Why Waitlists Matter (and another story of a girl)
Posted by The Marginalist in Politics on June 8th, 2009
Because I’m a nerd…
I was talking with a classmate the other day about health care.
She was upset that many people couldn’t afford health insurance and favored a government-run program. I pointed out that in Canada and other socialized systems, people have to wait 10 weeks for an MRI and 17 weeks to see a specialist. While in the United States, access to health care is much faster. You ever watch House? Imagine House in Canada.
Get an MRI to confirm. Wait, we have to wait how long for an MRI?
The fact is that Canadians and Britons don’t have access to health care. They have access to health care waiting lines. But of course, as usual with most proponents of government-run health care, this did not deter my friend, who said:
Well, waiting 6 months for care is better than waiting forever to get care because you don’t have health insurance!
Ignoring the numbers
ON its face, that makes sense. It’s better to schedule chemotherapy later than never. But she seemed to forget that only a few Americans lack this access to health care. There are 47 million uninsured Americans; most of these are illegal immigrants that probably wouldn’t have health care anyways if we had a national program.
Of the remaining uninsured citizens, a good portion of these people are simply young, healthy people who, on average, would pay more into the system through premiums than they would receive through health care, so they just pay their health care costs themselves.
So when all is said and done — I’m fuzzy on the numbers, so excuse me if I’m not completely accurate — probably less than 10 million Americans lack health care simply because they cannot afford it. That’s a significant minority, but a small minority nonetheless considering there are 300 million people in this America.
For the great majority of Americans, health care is quick and accessible. But in Canada, everyone has to wait 6 months for their chemotherapy and other medical treatments — unless they dip into the illegal private health care system or fly to America to have their treatment.
What my friend ignored was the fact that waiting forever because of a lack of insurance only happens to a few people in America. Of course, unless she thinks that forcing everyone to wait 6 months for their treatment is better than a majority of them not having to wait.
And why is waiting so bad? I have a story for you.
Once upon a time
I knew a girl who once had cancer. She was young, beautiful, and had a brilliant mind. But one day, she started to feel nauseous and threw up a lot — eventually they discovered that she had a tumor in her liver.
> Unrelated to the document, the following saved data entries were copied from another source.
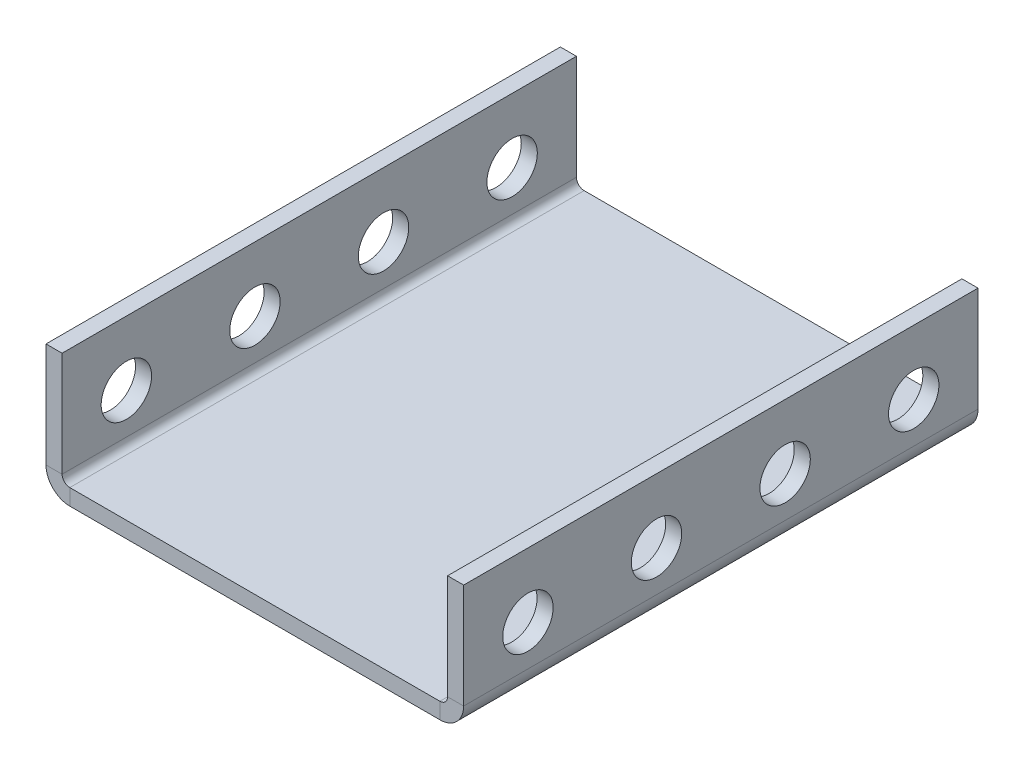
ISO-10303-21;
HEADER;
FILE_DESCRIPTION(('STEP AP214'),'2;1');
FILE_NAME('part.step','',(''),(''),'','','');
FILE_SCHEMA(('AUTOMOTIVE_DESIGN { 1 0 10303 214 1 1 1 1 }'));
ENDSEC;
DATA;
#1=APPLICATION_CONTEXT('core data for automotive mechanical design processes');
#2=APPLICATION_PROTOCOL_DEFINITION('international standard','automotive_design',2000,#1);
#3=PRODUCT_CONTEXT('',#1,'mechanical');
#4=PRODUCT('Part','Part','',(#3));
#5=PRODUCT_RELATED_PRODUCT_CATEGORY('part','',(#4));
#6=PRODUCT_DEFINITION_FORMATION('','',#4);
#7=PRODUCT_DEFINITION_CONTEXT('part definition',#1,'design');
#8=PRODUCT_DEFINITION('design','',#6,#7);
#9=PRODUCT_DEFINITION_SHAPE('','',#8);
#10=(LENGTH_UNIT() NAMED_UNIT(*) SI_UNIT(.MILLI.,.METRE.));
#11=(NAMED_UNIT(*) PLANE_ANGLE_UNIT() SI_UNIT($,.RADIAN.));
#12=(NAMED_UNIT(*) SI_UNIT($,.STERADIAN.) SOLID_ANGLE_UNIT());
#13=UNCERTAINTY_MEASURE_WITH_UNIT(LENGTH_MEASURE(1.E-05),#10,'distance_accuracy_value','');
#14=(GEOMETRIC_REPRESENTATION_CONTEXT(3) GLOBAL_UNCERTAINTY_ASSIGNED_CONTEXT((#13)) GLOBAL_UNIT_ASSIGNED_CONTEXT((#10,
#11,#12)) REPRESENTATION_CONTEXT('',''));
#15=CARTESIAN_POINT('',(0.,0.,0.));
#16=DIRECTION('',(0.,0.,1.));
#17=DIRECTION('',(1.,0.,0.));
#18=AXIS2_PLACEMENT_3D('',#15,#16,#17);
#19=CARTESIAN_POINT('',(18.2753,0.,50.8));
#20=DIRECTION('',(0.,0.,1.));
#21=DIRECTION('',(1.,0.,0.));
#22=AXIS2_PLACEMENT_3D('',#19,#20,#21);
#23=PLANE('',#22);
#24=DIRECTION('',(0.,1.,0.));
#25=VECTOR('',#24,1.);
#26=CARTESIAN_POINT('',(18.2753,0.,50.8));
#27=LINE('',#26,#25);
#28=CARTESIAN_POINT('',(18.2753,0.,50.8));
#29=VERTEX_POINT('',#28);
#30=CARTESIAN_POINT('',(18.2753,1.58750000000001,50.8));
#31=VERTEX_POINT('',#30);
#32=EDGE_CURVE('E11',#29,#31,#27,.T.);
#33=ORIENTED_EDGE('',*,*,#32,.F.);
#34=CARTESIAN_POINT('',(18.2753,2.34950000000001,50.8));
#35=DIRECTION('',(0.,0.,1.));
#36=DIRECTION('',(1.,0.,0.));
#37=AXIS2_PLACEMENT_3D('',#34,#35,#36);
#38=CIRCLE('',#37,2.3495);
#39=CARTESIAN_POINT('',(20.6248,2.34950000000001,50.8));
#40=VERTEX_POINT('',#39);
#41=EDGE_CURVE('E282',#40,#29,#38,.F.);
#42=ORIENTED_EDGE('',*,*,#41,.F.);
#43=DIRECTION('',(1.,0.,0.));
#44=VECTOR('',#43,1.);
#45=CARTESIAN_POINT('',(19.0373,2.34950000000001,50.8));
#46=LINE('',#45,#44);
#47=CARTESIAN_POINT('',(19.0373,2.34950000000001,50.8));
#48=VERTEX_POINT('',#47);
#49=EDGE_CURVE('E54',#48,#40,#46,.T.);
#50=ORIENTED_EDGE('',*,*,#49,.F.);
#51=CARTESIAN_POINT('',(18.2753,2.34950000000001,50.8));
#52=DIRECTION('',(0.,0.,1.));
#53=DIRECTION('',(1.,0.,0.));
#54=AXIS2_PLACEMENT_3D('',#51,#52,#53);
#55=CIRCLE('',#54,0.762);
#56=EDGE_CURVE('E156',#48,#31,#55,.F.);
#57=ORIENTED_EDGE('',*,*,#56,.T.);
#58=EDGE_LOOP('',(#33,#42,#50,#57));
#59=FACE_BOUND('',#58,.T.);
#60=ADVANCED_FACE('F45',(#59),#23,.T.);
#61=CARTESIAN_POINT('',(19.0373,2.34950000000001,50.8));
#62=DIRECTION('',(0.,0.,1.));
#63=DIRECTION('',(1.,0.,0.));
#64=AXIS2_PLACEMENT_3D('',#61,#62,#63);
#65=PLANE('',#64);
#66=DIRECTION('',(-1.,0.,0.));
#67=VECTOR('',#66,1.);
#68=CARTESIAN_POINT('',(-20.6248,0.,50.8));
#69=LINE('',#68,#67);
#70=CARTESIAN_POINT('',(-18.2753,0.,50.8));
#71=VERTEX_POINT('',#70);
#72=EDGE_CURVE('E150',#29,#71,#69,.T.);
#73=ORIENTED_EDGE('',*,*,#72,.F.);
#74=ORIENTED_EDGE('',*,*,#32,.T.);
#75=DIRECTION('',(-1.,0.,0.));
#76=VECTOR('',#75,1.);
#77=CARTESIAN_POINT('',(-20.6248,1.5875,50.8));
#78=LINE('',#77,#76);
#79=CARTESIAN_POINT('',(-18.2753,1.5875,50.8));
#80=VERTEX_POINT('',#79);
#81=EDGE_CURVE('E147',#31,#80,#78,.T.);
#82=ORIENTED_EDGE('',*,*,#81,.T.);
#83=DIRECTION('',(0.,-1.,0.));
#84=VECTOR('',#83,1.);
#85=CARTESIAN_POINT('',(-18.2753,1.5875,50.8));
#86=LINE('',#85,#84);
#87=EDGE_CURVE('E239',#80,#71,#86,.T.);
#88=ORIENTED_EDGE('',*,*,#87,.T.);
#89=EDGE_LOOP('',(#73,#74,#82,#88));
#90=FACE_BOUND('',#89,.T.);
#91=ADVANCED_FACE('F145',(#90),#65,.T.);
#92=CARTESIAN_POINT('',(20.6248,2.34950000000001,0.));
#93=DIRECTION('',(0.,0.,-1.));
#94=DIRECTION('',(-1.,0.,0.));
#95=AXIS2_PLACEMENT_3D('',#92,#93,#94);
#96=PLANE('',#95);
#97=DIRECTION('',(-1.,0.,0.));
#98=VECTOR('',#97,1.);
#99=CARTESIAN_POINT('',(20.6248,2.34950000000001,0.));
#100=LINE('',#99,#98);
#101=CARTESIAN_POINT('',(20.6248,2.34950000000001,0.));
#102=VERTEX_POINT('',#101);
#103=CARTESIAN_POINT('',(19.0373,2.34950000000001,0.));
#104=VERTEX_POINT('',#103);
#105=EDGE_CURVE('E244',#102,#104,#100,.T.);
#106=ORIENTED_EDGE('',*,*,#105,.F.);
#107=CARTESIAN_POINT('',(18.2753,2.34950000000001,0.));
#108=DIRECTION('',(0.,0.,1.));
#109=DIRECTION('',(1.,0.,0.));
#110=AXIS2_PLACEMENT_3D('',#107,#108,#109);
#111=CIRCLE('',#110,2.3495);
#112=CARTESIAN_POINT('',(18.2753,0.,0.));
#113=VERTEX_POINT('',#112);
#114=EDGE_CURVE('E196',#102,#113,#111,.F.);
#115=ORIENTED_EDGE('',*,*,#114,.T.);
#116=DIRECTION('',(0.,-1.,0.));
#117=VECTOR('',#116,1.);
#118=CARTESIAN_POINT('',(18.2753,1.58750000000001,0.));
#119=LINE('',#118,#117);
#120=CARTESIAN_POINT('',(18.2753,1.58750000000001,0.));
#121=VERTEX_POINT('',#120);
#122=EDGE_CURVE('E242',#121,#113,#119,.T.);
#123=ORIENTED_EDGE('',*,*,#122,.F.);
#124=CARTESIAN_POINT('',(18.2753,2.34950000000001,0.));
#125=DIRECTION('',(0.,0.,1.));
#126=DIRECTION('',(1.,0.,0.));
#127=AXIS2_PLACEMENT_3D('',#124,#125,#126);
#128=CIRCLE('',#127,0.762);
#129=EDGE_CURVE('E168',#104,#121,#128,.F.);
#130=ORIENTED_EDGE('',*,*,#129,.F.);
#131=EDGE_LOOP('',(#106,#115,#123,#130));
#132=FACE_BOUND('',#131,.T.);
#133=ADVANCED_FACE('F300',(#132),#96,.T.);
#134=CARTESIAN_POINT('',(18.2753,1.58750000000001,0.));
#135=DIRECTION('',(0.,0.,-1.));
#136=DIRECTION('',(-1.,0.,0.));
#137=AXIS2_PLACEMENT_3D('',#134,#135,#136);
#138=PLANE('',#137);
#139=DIRECTION('',(0.,-1.,0.));
#140=VECTOR('',#139,1.);
#141=CARTESIAN_POINT('',(20.6248,0.,0.));
#142=LINE('',#141,#140);
#143=CARTESIAN_POINT('',(20.6248,12.7,0.));
#144=VERTEX_POINT('',#143);
#145=EDGE_CURVE('E199',#144,#102,#142,.T.);
#146=ORIENTED_EDGE('',*,*,#145,.T.);
#147=ORIENTED_EDGE('',*,*,#105,.T.);
#148=DIRECTION('',(0.,-1.,0.));
#149=VECTOR('',#148,1.);
#150=CARTESIAN_POINT('',(19.0373,0.,0.));
#151=LINE('',#150,#149);
#152=CARTESIAN_POINT('',(19.0373,12.7,0.));
#153=VERTEX_POINT('',#152);
#154=EDGE_CURVE('E205',#153,#104,#151,.T.);
#155=ORIENTED_EDGE('',*,*,#154,.F.);
#156=DIRECTION('',(1.,0.,0.));
#157=VECTOR('',#156,1.);
#158=CARTESIAN_POINT('',(19.0373,12.7,0.));
#159=LINE('',#158,#157);
#160=EDGE_CURVE('E202',#153,#144,#159,.T.);
#161=ORIENTED_EDGE('',*,*,#160,.T.);
#162=EDGE_LOOP('',(#146,#147,#155,#161));
#163=FACE_BOUND('',#162,.T.);
#164=ADVANCED_FACE('F350',(#163),#138,.T.);
#165=CARTESIAN_POINT('',(-20.6248,2.3495,50.8));
#166=DIRECTION('',(0.,0.,1.));
#167=DIRECTION('',(1.,0.,0.));
#168=AXIS2_PLACEMENT_3D('',#165,#166,#167);
#169=PLANE('',#168);
#170=DIRECTION('',(1.,0.,0.));
#171=VECTOR('',#170,1.);
#172=CARTESIAN_POINT('',(-20.6248,2.3495,50.8));
#173=LINE('',#172,#171);
#174=CARTESIAN_POINT('',(-20.6248,2.3495,50.8));
#175=VERTEX_POINT('',#174);
#176=CARTESIAN_POINT('',(-19.0373,2.3495,50.8));
#177=VERTEX_POINT('',#176);
#178=EDGE_CURVE('E63',#175,#177,#173,.T.);
#179=ORIENTED_EDGE('',*,*,#178,.F.);
#180=CARTESIAN_POINT('',(-18.2753,2.3495,50.8));
#181=DIRECTION('',(0.,0.,1.));
#182=DIRECTION('',(1.,0.,0.));
#183=AXIS2_PLACEMENT_3D('',#180,#181,#182);
#184=CIRCLE('',#183,2.3495);
#185=EDGE_CURVE('E278',#71,#175,#184,.F.);
#186=ORIENTED_EDGE('',*,*,#185,.F.);
#187=ORIENTED_EDGE('',*,*,#87,.F.);
#188=CARTESIAN_POINT('',(-18.2753,2.3495,50.8));
#189=DIRECTION('',(0.,0.,1.));
#190=DIRECTION('',(1.,0.,0.));
#191=AXIS2_PLACEMENT_3D('',#188,#189,#190);
#192=CIRCLE('',#191,0.762);
#193=EDGE_CURVE('E176',#80,#177,#192,.F.);
#194=ORIENTED_EDGE('',*,*,#193,.T.);
#195=EDGE_LOOP('',(#179,#186,#187,#194));
#196=FACE_BOUND('',#195,.T.);
#197=ADVANCED_FACE('F355',(#196),#169,.T.);
#198=CARTESIAN_POINT('',(-18.2753,1.5875,50.8));
#199=DIRECTION('',(0.,0.,1.));
#200=DIRECTION('',(1.,0.,0.));
#201=AXIS2_PLACEMENT_3D('',#198,#199,#200);
#202=PLANE('',#201);
#203=DIRECTION('',(0.,1.,0.));
#204=VECTOR('',#203,1.);
#205=CARTESIAN_POINT('',(-20.6248,0.,50.8));
#206=LINE('',#205,#204);
#207=CARTESIAN_POINT('',(-20.6248,12.7,50.8));
#208=VERTEX_POINT('',#207);
#209=EDGE_CURVE('E275',#175,#208,#206,.T.);
#210=ORIENTED_EDGE('',*,*,#209,.F.);
#211=ORIENTED_EDGE('',*,*,#178,.T.);
#212=DIRECTION('',(0.,1.,0.));
#213=VECTOR('',#212,1.);
#214=CARTESIAN_POINT('',(-19.0373,0.,50.8));
#215=LINE('',#214,#213);
#216=CARTESIAN_POINT('',(-19.0373,12.7,50.8));
#217=VERTEX_POINT('',#216);
#218=EDGE_CURVE('E117',#177,#217,#215,.T.);
#219=ORIENTED_EDGE('',*,*,#218,.T.);
#220=DIRECTION('',(1.,0.,0.));
#221=VECTOR('',#220,1.);
#222=CARTESIAN_POINT('',(-20.6248,12.7,50.8));
#223=LINE('',#222,#221);
#224=EDGE_CURVE('E272',#208,#217,#223,.T.);
#225=ORIENTED_EDGE('',*,*,#224,.F.);
#226=EDGE_LOOP('',(#210,#211,#219,#225));
#227=FACE_BOUND('',#226,.T.);
#228=ADVANCED_FACE('F327',(#227),#202,.T.);
#229=CARTESIAN_POINT('',(-18.2753,0.,0.));
#230=DIRECTION('',(0.,0.,-1.));
#231=DIRECTION('',(-1.,0.,0.));
#232=AXIS2_PLACEMENT_3D('',#229,#230,#231);
#233=PLANE('',#232);
#234=DIRECTION('',(0.,1.,0.));
#235=VECTOR('',#234,1.);
#236=CARTESIAN_POINT('',(-18.2753,0.,0.));
#237=LINE('',#236,#235);
#238=CARTESIAN_POINT('',(-18.2753,0.,0.));
#239=VERTEX_POINT('',#238);
#240=CARTESIAN_POINT('',(-18.2753,1.5875,0.));
#241=VERTEX_POINT('',#240);
#242=EDGE_CURVE('E104',#239,#241,#237,.T.);
#243=ORIENTED_EDGE('',*,*,#242,.F.);
#244=CARTESIAN_POINT('',(-18.2753,2.3495,0.));
#245=DIRECTION('',(0.,0.,1.));
#246=DIRECTION('',(1.,0.,0.));
#247=AXIS2_PLACEMENT_3D('',#244,#245,#246);
#248=CIRCLE('',#247,2.3495);
#249=CARTESIAN_POINT('',(-20.6248,2.3495,0.));
#250=VERTEX_POINT('',#249);
#251=EDGE_CURVE('E192',#239,#250,#248,.F.);
#252=ORIENTED_EDGE('',*,*,#251,.T.);
#253=DIRECTION('',(-1.,0.,0.));
#254=VECTOR('',#253,1.);
#255=CARTESIAN_POINT('',(-19.0373,2.3495,0.));
#256=LINE('',#255,#254);
#257=CARTESIAN_POINT('',(-19.0373,2.3495,0.));
#258=VERTEX_POINT('',#257);
#259=EDGE_CURVE('E111',#258,#250,#256,.T.);
#260=ORIENTED_EDGE('',*,*,#259,.F.);
#261=CARTESIAN_POINT('',(-18.2753,2.3495,0.));
#262=DIRECTION('',(0.,0.,1.));
#263=DIRECTION('',(1.,0.,0.));
#264=AXIS2_PLACEMENT_3D('',#261,#262,#263);
#265=CIRCLE('',#264,0.762);
#266=EDGE_CURVE('E211',#241,#258,#265,.F.);
#267=ORIENTED_EDGE('',*,*,#266,.F.);
#268=EDGE_LOOP('',(#243,#252,#260,#267));
#269=FACE_BOUND('',#268,.T.);
#270=ADVANCED_FACE('F315',(#269),#233,.T.);
#271=CARTESIAN_POINT('',(-19.0373,2.3495,0.));
#272=DIRECTION('',(0.,0.,-1.));
#273=DIRECTION('',(-1.,0.,0.));
#274=AXIS2_PLACEMENT_3D('',#271,#272,#273);
#275=PLANE('',#274);
#276=DIRECTION('',(-1.,0.,0.));
#277=VECTOR('',#276,1.);
#278=CARTESIAN_POINT('',(-20.6248,0.,0.));
#279=LINE('',#278,#277);
#280=EDGE_CURVE('E194',#113,#239,#279,.T.);
#281=ORIENTED_EDGE('',*,*,#280,.T.);
#282=ORIENTED_EDGE('',*,*,#242,.T.);
#283=DIRECTION('',(-1.,0.,0.));
#284=VECTOR('',#283,1.);
#285=CARTESIAN_POINT('',(-20.6248,1.5875,0.));
#286=LINE('',#285,#284);
#287=EDGE_CURVE('E209',#121,#241,#286,.T.);
#288=ORIENTED_EDGE('',*,*,#287,.F.);
#289=ORIENTED_EDGE('',*,*,#122,.T.);
#290=EDGE_LOOP('',(#281,#282,#288,#289));
#291=FACE_BOUND('',#290,.T.);
#292=ADVANCED_FACE('F302',(#291),#275,.T.);
#293=CARTESIAN_POINT('',(-19.0373,0.,50.8));
#294=DIRECTION('',(-1.,0.,0.));
#295=DIRECTION('',(0.,-1.,0.));
#296=AXIS2_PLACEMENT_3D('',#293,#294,#295);
#297=PLANE('',#296);
#298=CARTESIAN_POINT('',(-19.0373,6.35000000000001,44.45));
#299=DIRECTION('',(-1.,0.,0.));
#300=DIRECTION('',(0.,-1.,0.));
#301=AXIS2_PLACEMENT_3D('',#298,#299,#300);
#302=CIRCLE('',#301,2.4892);
#303=CARTESIAN_POINT('',(-19.0373,3.86080000000001,44.45));
#304=VERTEX_POINT('',#303);
#305=EDGE_CURVE('E186',#304,#304,#302,.T.);
#306=ORIENTED_EDGE('',*,*,#305,.T.);
#307=EDGE_LOOP('',(#306));
#308=FACE_BOUND('',#307,.T.);
#309=CARTESIAN_POINT('',(-19.0373,6.35000000000001,31.75));
#310=DIRECTION('',(-1.,0.,0.));
#311=DIRECTION('',(0.,-1.,0.));
#312=AXIS2_PLACEMENT_3D('',#309,#310,#311);
#313=CIRCLE('',#312,2.4892);
#314=CARTESIAN_POINT('',(-19.0373,3.8608,31.75));
#315=VERTEX_POINT('',#314);
#316=EDGE_CURVE('E257',#315,#315,#313,.T.);
#317=ORIENTED_EDGE('',*,*,#316,.T.);
#318=EDGE_LOOP('',(#317));
#319=FACE_BOUND('',#318,.T.);
#320=CARTESIAN_POINT('',(-19.0373,6.35000000000001,19.05));
#321=DIRECTION('',(-1.,0.,0.));
#322=DIRECTION('',(0.,-1.,0.));
#323=AXIS2_PLACEMENT_3D('',#320,#321,#322);
#324=CIRCLE('',#323,2.4892);
#325=CARTESIAN_POINT('',(-19.0373,3.86080000000001,19.05));
#326=VERTEX_POINT('',#325);
#327=EDGE_CURVE('E254',#326,#326,#324,.T.);
#328=ORIENTED_EDGE('',*,*,#327,.T.);
#329=EDGE_LOOP('',(#328));
#330=FACE_BOUND('',#329,.T.);
#331=CARTESIAN_POINT('',(-19.0373,6.35000000000001,6.35000000000001));
#332=DIRECTION('',(-1.,0.,0.));
#333=DIRECTION('',(0.,-1.,0.));
#334=AXIS2_PLACEMENT_3D('',#331,#332,#333);
#335=CIRCLE('',#334,2.4892);
#336=CARTESIAN_POINT('',(-19.0373,3.86080000000001,6.35000000000001));
#337=VERTEX_POINT('',#336);
#338=EDGE_CURVE('E250',#337,#337,#335,.T.);
#339=ORIENTED_EDGE('',*,*,#338,.T.);
#340=EDGE_LOOP('',(#339));
#341=FACE_BOUND('',#340,.T.);
#342=DIRECTION('',(0.,1.,0.));
#343=VECTOR('',#342,1.);
#344=CARTESIAN_POINT('',(-19.0373,0.,0.));
#345=LINE('',#344,#343);
#346=CARTESIAN_POINT('',(-19.0373,12.7,0.));
#347=VERTEX_POINT('',#346);
#348=EDGE_CURVE('E182',#258,#347,#345,.T.);
#349=ORIENTED_EDGE('',*,*,#348,.T.);
#350=DIRECTION('',(0.,0.,-1.));
#351=VECTOR('',#350,1.);
#352=CARTESIAN_POINT('',(-19.0373,12.7,50.8));
#353=LINE('',#352,#351);
#354=EDGE_CURVE('E235',#217,#347,#353,.T.);
#355=ORIENTED_EDGE('',*,*,#354,.F.);
#356=ORIENTED_EDGE('',*,*,#218,.F.);
#357=DIRECTION('',(0.,0.,-1.));
#358=VECTOR('',#357,1.);
#359=CARTESIAN_POINT('',(-19.0373,2.3495,50.8));
#360=LINE('',#359,#358);
#361=EDGE_CURVE('E178',#177,#258,#360,.T.);
#362=ORIENTED_EDGE('',*,*,#361,.T.);
#363=EDGE_LOOP('',(#349,#355,#356,#362));
#364=FACE_BOUND('',#363,.T.);
#365=ADVANCED_FACE('F321',(#308,#319,#330,#341,#364),#297,.F.);
#366=CARTESIAN_POINT('',(-20.6248,12.7,50.8));
#367=DIRECTION('',(0.,1.,0.));
#368=DIRECTION('',(0.,0.,1.));
#369=AXIS2_PLACEMENT_3D('',#366,#367,#368);
#370=PLANE('',#369);
#371=DIRECTION('',(1.,0.,0.));
#372=VECTOR('',#371,1.);
#373=CARTESIAN_POINT('',(-20.6248,12.7,0.));
#374=LINE('',#373,#372);
#375=CARTESIAN_POINT('',(-20.6248,12.7,0.));
#376=VERTEX_POINT('',#375);
#377=EDGE_CURVE('E185',#376,#347,#374,.T.);
#378=ORIENTED_EDGE('',*,*,#377,.F.);
#379=DIRECTION('',(0.,0.,-1.));
#380=VECTOR('',#379,1.);
#381=CARTESIAN_POINT('',(-20.6248,12.7,50.8));
#382=LINE('',#381,#380);
#383=EDGE_CURVE('E233',#208,#376,#382,.T.);
#384=ORIENTED_EDGE('',*,*,#383,.F.);
#385=ORIENTED_EDGE('',*,*,#224,.T.);
#386=ORIENTED_EDGE('',*,*,#354,.T.);
#387=EDGE_LOOP('',(#378,#384,#385,#386));
#388=FACE_BOUND('',#387,.T.);
#389=ADVANCED_FACE('F326',(#388),#370,.T.);
#390=CARTESIAN_POINT('',(-20.6248,0.,50.8));
#391=DIRECTION('',(-1.,0.,0.));
#392=DIRECTION('',(0.,-1.,0.));
#393=AXIS2_PLACEMENT_3D('',#390,#391,#392);
#394=PLANE('',#393);
#395=CARTESIAN_POINT('',(-20.6248,6.35000000000001,44.45));
#396=DIRECTION('',(1.,0.,0.));
#397=DIRECTION('',(0.,0.,-1.));
#398=AXIS2_PLACEMENT_3D('',#395,#396,#397);
#399=CIRCLE('',#398,2.4892);
#400=CARTESIAN_POINT('',(-20.6248,6.35000000000001,41.9608));
#401=VERTEX_POINT('',#400);
#402=EDGE_CURVE('E251',#401,#401,#399,.T.);
#403=ORIENTED_EDGE('',*,*,#402,.T.);
#404=EDGE_LOOP('',(#403));
#405=FACE_BOUND('',#404,.T.);
#406=CARTESIAN_POINT('',(-20.6248,6.35000000000001,31.75));
#407=DIRECTION('',(1.,0.,0.));
#408=DIRECTION('',(0.,0.,-1.));
#409=AXIS2_PLACEMENT_3D('',#406,#407,#408);
#410=CIRCLE('',#409,2.4892);
#411=CARTESIAN_POINT('',(-20.6248,6.35000000000001,29.2608));
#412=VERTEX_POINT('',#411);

The exact details of her medical journey are not so relevant. What is relevant is that despite the fact that we were all extremely devastated by this, there was one hopeful gem: She was able to catch her cancer early and start her chemotherapy soon enough to fight her cancer. Because of the timely treatment she received, she is still with us, and she was able to go back to school like any other girl.
Sometimes I can’t help but think that if we lived somewhere where people had to wait 6 months between seeing their physician and receiving treatment for cancer, she might not be with us now. Maybe, maybe not, but those few months are crucial in cancer treatments. Certainly she would be less healthy if she had to wait. If we lived in Canada or Britain, she would have had to wait 6 months while cancer attacked her still-young body.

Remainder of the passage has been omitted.